* _EXTRACTED INFORMATION_:
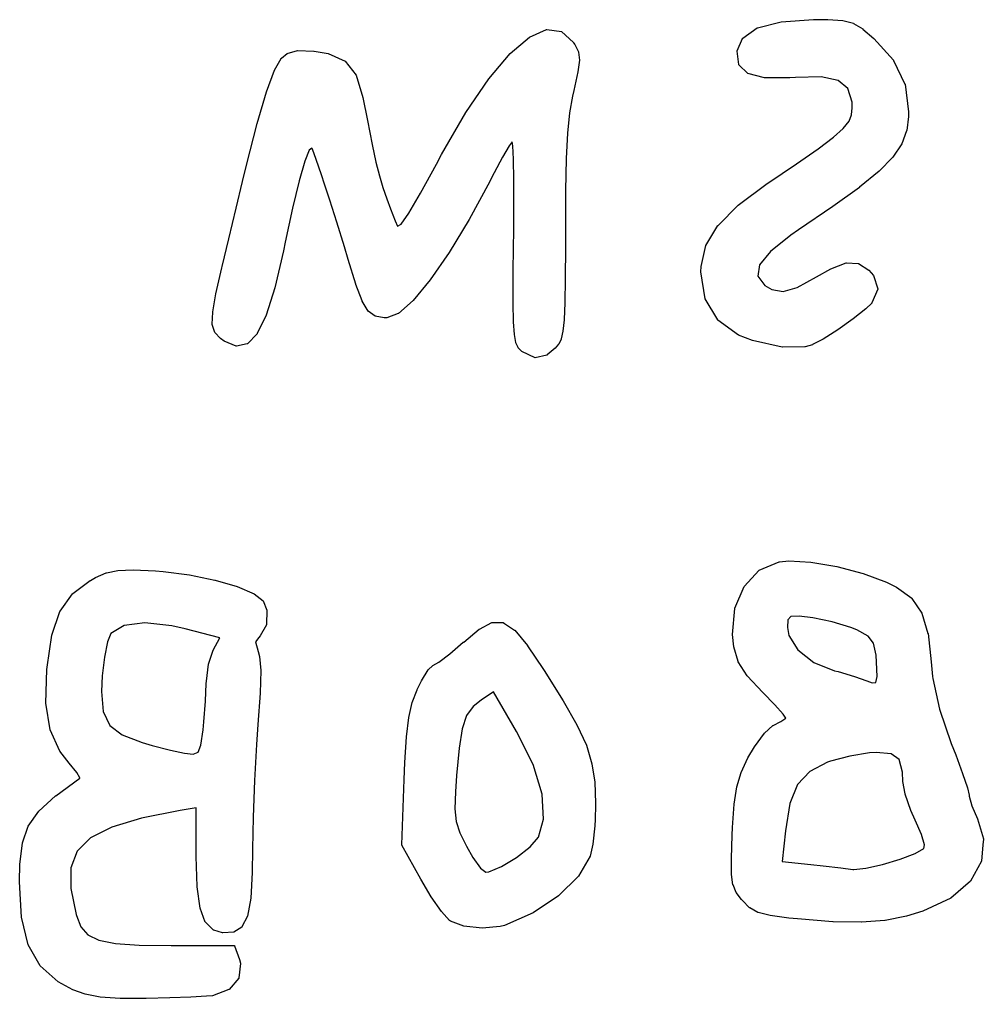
# Model space of a CAD drawing. Extents: x 42 to 258, y -102 to -28.
# Drawn here: x 155.09 to 167.22, y -81.97 to -69.65 of the extents above; entities that cross this region are included whole.
import ezdxf

# ---------------------------------------------------------------- set-up
doc = ezdxf.new("R2010")
doc.units = 0
doc.header["$MEASUREMENT"] = 0
doc.layers.add('BLACK', color=7, linetype='CONTINUOUS')

msp = doc.modelspace()

# ---------------------------------------------------------------- linework, layer by layer
at = {"layer": 'Black'}
for p, q in [((164.378, -69.759), (164.675, -69.681)), ((164.675, -69.681), (164.676, -69.6809)), ((164.675, -69.681), (164.675, -69.681)), ((164.676, -69.6809), (165.084, -69.6546)), ((165.084, -69.6546), (165.084, -69.6546)), ((165.084, -69.6546), (165.084, -69.6546)), ((165.084, -69.6546), (165.262, -69.6556)), ((165.262, -69.6556), (165.262, -69.6556)), ((165.262, -69.6556), (165.262, -69.6556)), ((165.262, -69.6556), (165.453, -69.6668)), ((165.453, -69.6668), (165.453, -69.6669)), ((165.453, -69.6669), (165.454, -69.667)), ((165.454, -69.667), (165.586, -69.7016)), ((165.586, -69.7016), (165.587, -69.7019)), ((165.587, -69.7019), (165.588, -69.7021)), ((165.588, -69.7021), (165.703, -69.7731)), ((161.51, -69.8752), (161.725, -69.7815)), ((161.725, -69.7814), (161.725, -69.7812)), ((161.725, -69.7812), (161.726, -69.7812)), ((161.725, -69.7815), (161.725, -69.7814)), ((161.726, -69.7812), (161.726, -69.7811)), ((161.726, -69.7811), (161.727, -69.7812)), ((161.727, -69.7812), (161.727, -69.7812)), ((161.727, -69.7812), (161.911, -69.8032)), ((161.911, -69.8032), (161.912, -69.8034)), ((161.912, -69.8034), (161.912, -69.8035)), ((161.912, -69.8035), (161.913, -69.8036)), ((161.913, -69.8036), (161.913, -69.8037)), ((161.913, -69.8037), (161.913, -69.8041)), ((161.913, -69.8041), (161.914, -69.8045)), ((161.914, -69.8045), (162.064, -69.9451)), ((164.192, -69.8886), (164.376, -69.7598)), ((164.376, -69.7597), (164.377, -69.7594)), ((164.376, -69.7598), (164.376, -69.7597)), ((164.376, -69.7597), (164.376, -69.7597)), ((164.377, -69.7594), (164.378, -69.759)), ((164.378, -69.759), (164.378, -69.759)), ((164.378, -69.759), (164.378, -69.759)), ((165.703, -69.7731), (165.703, -69.7733)), ((165.703, -69.7733), (165.703, -69.7735)), ((165.703, -69.7735), (165.843, -69.8938)), ((161.266, -70.0826), (161.509, -69.876)), ((161.509, -69.8756), (161.51, -69.8752)), ((161.509, -69.876), (161.509, -69.8756)), ((162.064, -69.9451), (162.064, -69.9455)), ((162.064, -69.9455), (162.064, -69.946)), ((162.064, -69.946), (162.079, -69.9692)), ((164.123, -70.0483), (164.19, -69.8908)), ((164.19, -69.8908), (164.191, -69.8903)), ((164.191, -69.8893), (164.192, -69.889)), ((164.191, -69.8896), (164.191, -69.8893)), ((164.191, -69.8898), (164.191, -69.8896)), ((164.191, -69.8903), (164.191, -69.8898)), ((164.192, -69.889), (164.192, -69.8886)), ((165.843, -69.8938), (165.843, -69.8941)), ((165.843, -69.8941), (165.843, -69.8943)), ((165.843, -69.8943), (166.09, -70.1668)), ((158.388, -70.1412), (158.459, -70.0815)), ((158.459, -70.081), (158.46, -70.0806)), ((158.459, -70.0813), (158.459, -70.081)), ((158.459, -70.0814), (158.459, -70.0813)), ((158.459, -70.0815), (158.459, -70.0814)), ((158.46, -70.0805), (158.589, -70.0447)), ((158.46, -70.0806), (158.46, -70.0805)), ((158.46, -70.0806), (158.46, -70.0806)), ((158.589, -70.0447), (158.59, -70.0446)), ((158.59, -70.0446), (158.591, -70.0445)), ((158.591, -70.0445), (158.798, -70.0514)), ((158.798, -70.0514), (158.799, -70.0515)), ((158.799, -70.0515), (158.799, -70.0515)), ((158.799, -70.0515), (158.975, -70.0794)), ((158.975, -70.0794), (158.975, -70.0797)), ((158.975, -70.0797), (158.976, -70.0798)), ((158.976, -70.0798), (159.19, -70.1759)), ((160.999, -70.3997), (161.266, -70.0831)), ((161.266, -70.0829), (161.266, -70.0826)), ((161.266, -70.0831), (161.266, -70.0829)), ((162.079, -69.9692), (162.079, -69.9694)), ((162.079, -69.9694), (162.079, -69.9696)), ((162.079, -69.9696), (162.126, -70.0615)), ((162.126, -70.0615), (162.126, -70.0623)), ((162.126, -70.0623), (162.126, -70.0631)), ((162.126, -70.0631), (162.139, -70.1641)), ((164.123, -70.0487), (164.123, -70.0483)), ((164.123, -70.0491), (164.123, -70.0487)), ((164.123, -70.0495), (164.123, -70.0491)), ((164.123, -70.05), (164.123, -70.0495)), ((164.123, -70.0504), (164.123, -70.05)), ((164.123, -70.0508), (164.123, -70.0504)), ((164.143, -70.2207), (164.123, -70.0508)), ((158.302, -70.2908), (158.387, -70.1426)), ((158.387, -70.1418), (158.388, -70.1413)), ((158.387, -70.1426), (158.387, -70.1418)), ((158.387, -70.1426), (158.387, -70.1426)), ((158.387, -70.1426), (158.387, -70.1426)), ((158.388, -70.1413), (158.388, -70.1412)), ((158.388, -70.1412), (158.388, -70.1412)), ((159.19, -70.1759), (159.191, -70.1761)), ((159.191, -70.1761), (159.191, -70.1762)), ((159.191, -70.1762), (159.191, -70.1765)), ((159.191, -70.1765), (159.192, -70.1768)), ((159.192, -70.1768), (159.192, -70.1771)), ((159.192, -70.1771), (159.192, -70.1774)), ((159.192, -70.1774), (159.33, -70.3538)), ((162.139, -70.1654), (162.119, -70.3132)), ((162.139, -70.1641), (162.139, -70.1647)), ((162.139, -70.1647), (162.139, -70.1654)), ((166.09, -70.1668), (166.09, -70.1674)), ((166.09, -70.1674), (166.09, -70.168)), ((166.09, -70.168), (166.234, -70.4678)), ((158.201, -70.5649), (158.302, -70.2916)), ((158.302, -70.2912), (158.302, -70.2908)), ((158.302, -70.2916), (158.302, -70.2912)), ((162.119, -70.3137), (162.066, -70.5463)), ((162.119, -70.3132), (162.119, -70.3134)), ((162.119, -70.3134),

* _WHAT TO DO_:
Every word of the material above should be copied exactly; no pictures.

* _EXERCISE ANSWER_:
# Model space of a CAD drawing. Extents: x 42 to 258, y -102 to -28.
# Drawn here: x 155.09 to 167.22, y -81.97 to -69.65 of the extents above; entities that cross this region are included whole.
import ezdxf

# ---------------------------------------------------------------- set-up
doc = ezdxf.new("R2010")
doc.units = 0
doc.header["$MEASUREMENT"] = 0
doc.layers.add('BLACK', color=7, linetype='CONTINUOUS')

msp = doc.modelspace()

# ---------------------------------------------------------------- linework, layer by layer
at = {"layer": 'Black'}
for p, q in [((164.378, -69.759), (164.675, -69.681)), ((164.675, -69.681), (164.676, -69.6809)), ((164.675, -69.681), (164.675, -69.681)), ((164.676, -69.6809), (165.084, -69.6546)), ((165.084, -69.6546), (165.084, -69.6546)), ((165.084, -69.6546), (165.084, -69.6546)), ((165.084, -69.6546), (165.262, -69.6556)), ((165.262, -69.6556), (165.262, -69.6556)), ((165.262, -69.6556), (165.262, -69.6556)), ((165.262, -69.6556), (165.453, -69.6668)), ((165.453, -69.6668), (165.453, -69.6669)), ((165.453, -69.6669), (165.454, -69.667)), ((165.454, -69.667), (165.586, -69.7016)), ((165.586, -69.7016), (165.587, -69.7019)), ((165.587, -69.7019), (165.588, -69.7021)), ((165.588, -69.7021), (165.703, -69.7731)), ((161.51, -69.8752), (161.725, -69.7815)), ((161.725, -69.7814), (161.725, -69.7812)), ((161.725, -69.7812), (161.726, -69.7812)), ((161.725, -69.7815), (161.725, -69.7814)), ((161.726, -69.7812), (161.726, -69.7811)), ((161.726, -69.7811), (161.727, -69.7812)), ((161.727, -69.7812), (161.727, -69.7812)), ((161.727, -69.7812), (161.911, -69.8032)), ((161.911, -69.8032), (161.912, -69.8034)), ((161.912, -69.8034), (161.912, -69.8035)), ((161.912, -69.8035), (161.913, -69.8036)), ((161.913, -69.8036), (161.913, -69.8037)), ((161.913, -69.8037), (161.913, -69.8041)), ((161.913, -69.8041), (161.914, -69.8045)), ((161.914, -69.8045), (162.064, -69.9451)), ((164.192, -69.8886), (164.376, -69.7598)), ((164.376, -69.7597), (164.377, -69.7594)), ((164.376, -69.7598), (164.376, -69.7597)), ((164.376, -69.7597), (164.376, -69.7597)), ((164.377, -69.7594), (164.378, -69.759)), ((164.378, -69.759), (164.378, -69.759)), ((164.378, -69.759), (164.378, -69.759)), ((165.703, -69.7731), (165.703, -69.7733)), ((165.703, -69.7733), (165.703, -69.7735)), ((165.703, -69.7735), (165.843, -69.8938)), ((161.266, -70.0826), (161.509, -69.876)), ((161.509, -69.8756), (161.51, -69.8752)), ((161.509, -69.876), (161.509, -69.8756)), ((162.064, -69.9451), (162.064, -69.9455)), ((162.064, -69.9455), (162.064, -69.946)), ((162.064, -69.946), (162.079, -69.9692)), ((164.123, -70.0483), (164.19, -69.8908)), ((164.19, -69.8908), (164.191, -69.8903)), ((164.191, -69.8893), (164.192, -69.889)), ((164.191, -69.8896), (164.191, -69.8893)), ((164.191, -69.8898), (164.191, -69.8896)), ((164.191, -69.8903), (164.191, -69.8898)), ((164.192, -69.889), (164.192, -69.8886)), ((165.843, -69.8938), (165.843, -69.8941)), ((165.843, -69.8941), (165.843, -69.8943)), ((165.843, -69.8943), (166.09, -70.1668)), ((158.388, -70.1412), (158.459, -70.0815)), ((158.459, -70.081), (158.46, -70.0806)), ((158.459, -70.0813), (158.459, -70.081)), ((158.459, -70.0814), (158.459, -70.0813)), ((158.459, -70.0815), (158.459, -70.0814)), ((158.46, -70.0805), (158.589, -70.0447)), ((158.46, -70.0806), (158.46, -70.0805)), ((158.46, -70.0806), (158.46, -70.0806)), ((158.589, -70.0447), (158.59, -70.0446)), ((158.59, -70.0446), (158.591, -70.0445)), ((158.591, -70.0445), (158.798, -70.0514)), ((158.798, -70.0514), (158.799, -70.0515)), ((158.799, -70.0515), (158.799, -70.0515)), ((158.799, -70.0515), (158.975, -70.0794)), ((158.975, -70.0794), (158.975, -70.0797)), ((158.975, -70.0797), (158.976, -70.0798)), ((158.976, -70.0798), (159.19, -70.1759)), ((160.999, -70.3997), (161.266, -70.0831)), ((161.266, -70.0829), (161.266, -70.0826)), ((161.266, -70.0831), (161.266, -70.0829)), ((162.079, -69.9692), (162.079, -69.9694)), ((162.079, -69.9694), (162.079, -69.9696)), ((162.079, -69.9696), (162.126, -70.0615)), ((162.126, -70.0615), (162.126, -70.0623)), ((162.126, -70.0623), (162.126, -70.0631)), ((162.126, -70.0631), (162.139, -70.1641)), ((164.123, -70.0487), (164.123, -70.0483)), ((164.123, -70.0491), (164.123, -70.0487)), ((164.123, -70.0495), (164.123, -70.0491)), ((164.123, -70.05), (164.123, -70.0495)), ((164.123, -70.0504), (164.123, -70.05)), ((164.123, -70.0508), (164.123, -70.0504)), ((164.143, -70.2207), (164.123, -70.0508)), ((158.302, -70.2908), (158.387, -70.1426)), ((158.387, -70.1418), (158.388, -70.1413)), ((158.387, -70.1426), (158.387, -70.1418)), ((158.387, -70.1426), (158.387, -70.1426)), ((158.387, -70.1426), (158.387, -70.1426)), ((158.388, -70.1413), (158.388, -70.1412)), ((158.388, -70.1412), (158.388, -70.1412)), ((159.19, -70.1759), (159.191, -70.1761)), ((159.191, -70.1761), (159.191, -70.1762)), ((159.191, -70.1762), (159.191, -70.1765)), ((159.191, -70.1765), (159.192, -70.1768)), ((159.192, -70.1768), (159.192, -70.1771)), ((159.192, -70.1771), (159.192, -70.1774)), ((159.192, -70.1774), (159.33, -70.3538)), ((162.139, -70.1654), (162.119, -70.3132)), ((162.139, -70.1641), (162.139, -70.1647)), ((162.139, -70.1647), (162.139, -70.1654)), ((166.09, -70.1668), (166.09, -70.1674)), ((166.09, -70.1674), (166.09, -70.168)), ((166.09, -70.168), (166.234, -70.4678)), ((158.201, -70.5649), (158.302, -70.2916)), ((158.302, -70.2912), (158.302, -70.2908)), ((158.302, -70.2916), (158.302, -70.2912)), ((162.119, -70.3137), (162.066, -70.5463)), ((162.119, -70.3132), (162.119, -70.3134)), ((162.119, -70.3134),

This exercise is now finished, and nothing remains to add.